Go through the records below and copy out every line that contains the word "unit".

** SUPPLIED RECORDS follows **

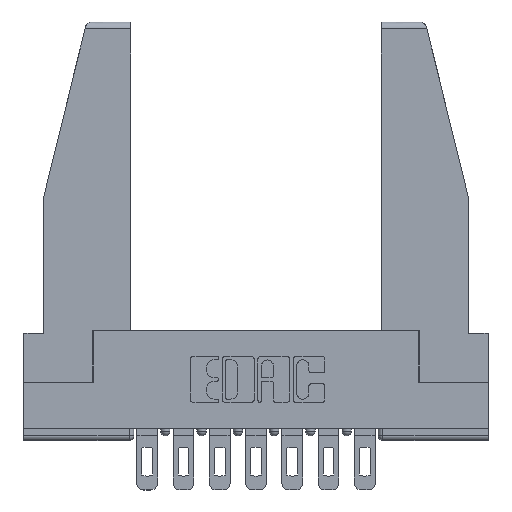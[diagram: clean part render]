
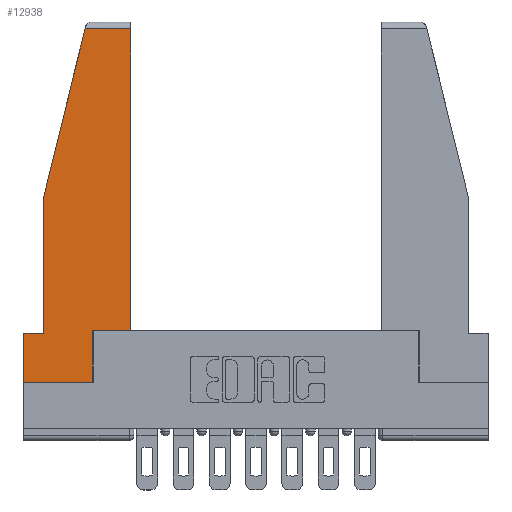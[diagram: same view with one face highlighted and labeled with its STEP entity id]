
A CAD part, top view. The second image highlights one B-rep face of the part: STEP entity #12938.
In plain terms, the highlighted planar face has unit normal (0, 0, 1).
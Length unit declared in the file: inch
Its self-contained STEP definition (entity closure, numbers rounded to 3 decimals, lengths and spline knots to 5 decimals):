
#325 = LINE ( 'NONE', #12492, #6050 ) ;
#330 = EDGE_CURVE ( 'NONE', #11068, #5160, #11624, .T. ) ;
#510 = ORIENTED_EDGE ( 'NONE', *, *, #4445, .T. ) ;
#1410 = LINE ( 'NONE', #4657, #11373 ) ;
#1658 = CARTESIAN_POINT ( 'NONE',  ( 0., 0.21, 0. ) ) ;
#1961 = VERTEX_POINT ( 'NONE', #8863 ) ;
#2006 = DIRECTION ( 'NONE',  ( -0.239, -0.971, 0. ) ) ;
#2107 = DIRECTION ( 'NONE',  ( 0., -1., 0. ) ) ;
#2191 = CARTESIAN_POINT ( 'NONE',  ( 0.086, 0.8, 0. ) ) ;
#2214 = LINE ( 'NONE', #5121, #5008 ) ;
#2404 = EDGE_CURVE ( 'NONE', #5160, #3727, #9088, .T. ) ;
#2433 = VECTOR ( 'NONE', #8961, 39.37008 ) ;
#2549 = CARTESIAN_POINT ( 'NONE',  ( 0.461, 1.52, 0. ) ) ;
#2828 = EDGE_CURVE ( 'NONE', #8333, #1961, #1410, .T. ) ;
#2837 = AXIS2_PLACEMENT_3D ( 'NONE', #11134, #10031, #13263 ) ;
#2905 = DIRECTION ( 'NONE',  ( -1., 0., 0. ) ) ;
#2972 = EDGE_CURVE ( 'NONE', #5855, #11068, #2214, .T. ) ;
#3239 = DIRECTION ( 'NONE',  ( 0., 1., 0. ) ) ;
#3332 = LINE ( 'NONE', #4401, #3661 ) ;
#3661 = VECTOR ( 'NONE', #3239, 39.37008 ) ;
#3727 = VERTEX_POINT ( 'NONE', #4816 ) ;
#3913 = EDGE_CURVE ( 'NONE', #1961, #5855, #3332, .T. ) ;
#4401 = CARTESIAN_POINT ( 'NONE',  ( 0.297, 0., 0. ) ) ;
#4445 = EDGE_CURVE ( 'NONE', #9360, #13013, #13496, .T. ) ;
#4657 = CARTESIAN_POINT ( 'NONE',  ( 0., 0., 0. ) ) ;
#4816 = CARTESIAN_POINT ( 'NONE',  ( 0.2636, 1.52, 0. ) ) ;
#4980 = DIRECTION ( 'NONE',  ( 1., 0., 0. ) ) ;
#5008 = VECTOR ( 'NONE', #4980, 39.37008 ) ;
#5121 = CARTESIAN_POINT ( 'NONE',  ( 0.297, 0.223, 0. ) ) ;
#5160 = VERTEX_POINT ( 'NONE', #2549 ) ;
#5519 = VECTOR ( 'NONE', #2905, 39.37008 ) ;
#5855 = VERTEX_POINT ( 'NONE', #6613 ) ;
#6015 = EDGE_CURVE ( 'NONE', #13013, #8176, #325, .T. ) ;
#6029 = CARTESIAN_POINT ( 'NONE',  ( 0.086, 0.21, 0. ) ) ;
#6050 = VECTOR ( 'NONE', #10335, 39.37008 ) ;
#6460 = EDGE_CURVE ( 'NONE', #8176, #8333, #8006, .T. ) ;
#6544 = ORIENTED_EDGE ( 'NONE', *, *, #6015, .T. ) ;
#6613 = CARTESIAN_POINT ( 'NONE',  ( 0.297, 0.223, 0. ) ) ;
#6689 = EDGE_CURVE ( 'NONE', #3727, #9360, #11585, .T. ) ;
#6868 = PLANE ( 'NONE',  #2837 ) ;
#7839 = EDGE_LOOP ( 'NONE', ( #8641, #9992, #8361, #510, #6544, #10832, #12906, #13343, #13008 ) ) ;
#8006 = LINE ( 'NONE', #1658, #2433 ) ;
#8176 = VERTEX_POINT ( 'NONE', #8384 ) ;
#8222 = FACE_OUTER_BOUND ( 'NONE', #7839, .T. ) ;
#8333 = VERTEX_POINT ( 'NONE', #9545 ) ;
#8361 = ORIENTED_EDGE ( 'NONE', *, *, #6689, .T. ) ;
#8384 = CARTESIAN_POINT ( 'NONE',  ( 0., 0.21, 0. ) ) ;
#8641 = ORIENTED_EDGE ( 'NONE', *, *, #330, .T. ) ;
#8863 = CARTESIAN_POINT ( 'NONE',  ( 0.297, 0., 0. ) ) ;
#8961 = DIRECTION ( 'NONE',  ( 0., -1., 0. ) ) ;
#9088 = LINE ( 'NONE', #9269, #5519 ) ;
#9269 = CARTESIAN_POINT ( 'NONE',  ( 0., 1.52, 0. ) ) ;
#9360 = VERTEX_POINT ( 'NONE', #9475 ) ;
#9475 = CARTESIAN_POINT ( 'NONE',  ( 0.086, 0.8, 0. ) ) ;
#9545 = CARTESIAN_POINT ( 'NONE',  ( 0., 0., 0. ) ) ;
#9992 = ORIENTED_EDGE ( 'NONE', *, *, #2404, .T. ) ;
#10031 = DIRECTION ( 'NONE',  ( 0., 0., 1. ) ) ;
#10335 = DIRECTION ( 'NONE',  ( -1., 0., 0. ) ) ;
#10365 = VECTOR ( 'NONE', #2107, 39.37008 ) ;
#10469 = CARTESIAN_POINT ( 'NONE',  ( 0.271, 1.55, 0. ) ) ;
#10832 = ORIENTED_EDGE ( 'NONE', *, *, #6460, .T. ) ;
#11015 = DIRECTION ( 'NONE',  ( 0., 1., 0. ) ) ;
#11068 = VERTEX_POINT ( 'NONE', #11638 ) ;
#11108 = VECTOR ( 'NONE', #11015, 39.37008 ) ;
#11134 = CARTESIAN_POINT ( 'NONE',  ( 0., 0., 0. ) ) ;
#11373 = VECTOR ( 'NONE', #12001, 39.37008 ) ;
#11585 = LINE ( 'NONE', #10469, #11905 ) ;
#11624 = LINE ( 'NONE', #12032, #11108 ) ;
#11638 = CARTESIAN_POINT ( 'NONE',  ( 0.461, 0.223, 0. ) ) ;
#11905 = VECTOR ( 'NONE', #2006, 39.37008 ) ;
#12001 = DIRECTION ( 'NONE',  ( 1., 0., 0. ) ) ;
#12032 = CARTESIAN_POINT ( 'NONE',  ( 0.461, 0.223, 0. ) ) ;
#12492 = CARTESIAN_POINT ( 'NONE',  ( 0., 0.21, 0. ) ) ;
#12906 = ORIENTED_EDGE ( 'NONE', *, *, #2828, .T. ) ;
#12938 = ADVANCED_FACE ( 'NONE', ( #8222 ), #6868, .T. ) ;
#13008 = ORIENTED_EDGE ( 'NONE', *, *, #2972, .T. ) ;
#13013 = VERTEX_POINT ( 'NONE', #6029 ) ;
#13263 = DIRECTION ( 'NONE',  ( 1., 0., 0. ) ) ;
#13343 = ORIENTED_EDGE ( 'NONE', *, *, #3913, .T. ) ;
#13496 = LINE ( 'NONE', #2191, #10365 ) ;

** End of SUPPLIED RECORDS **

## COMPLETED TASK:
In plain terms, the highlighted planar face has unit normal (0, 0, 1).
Length unit declared in the file: inch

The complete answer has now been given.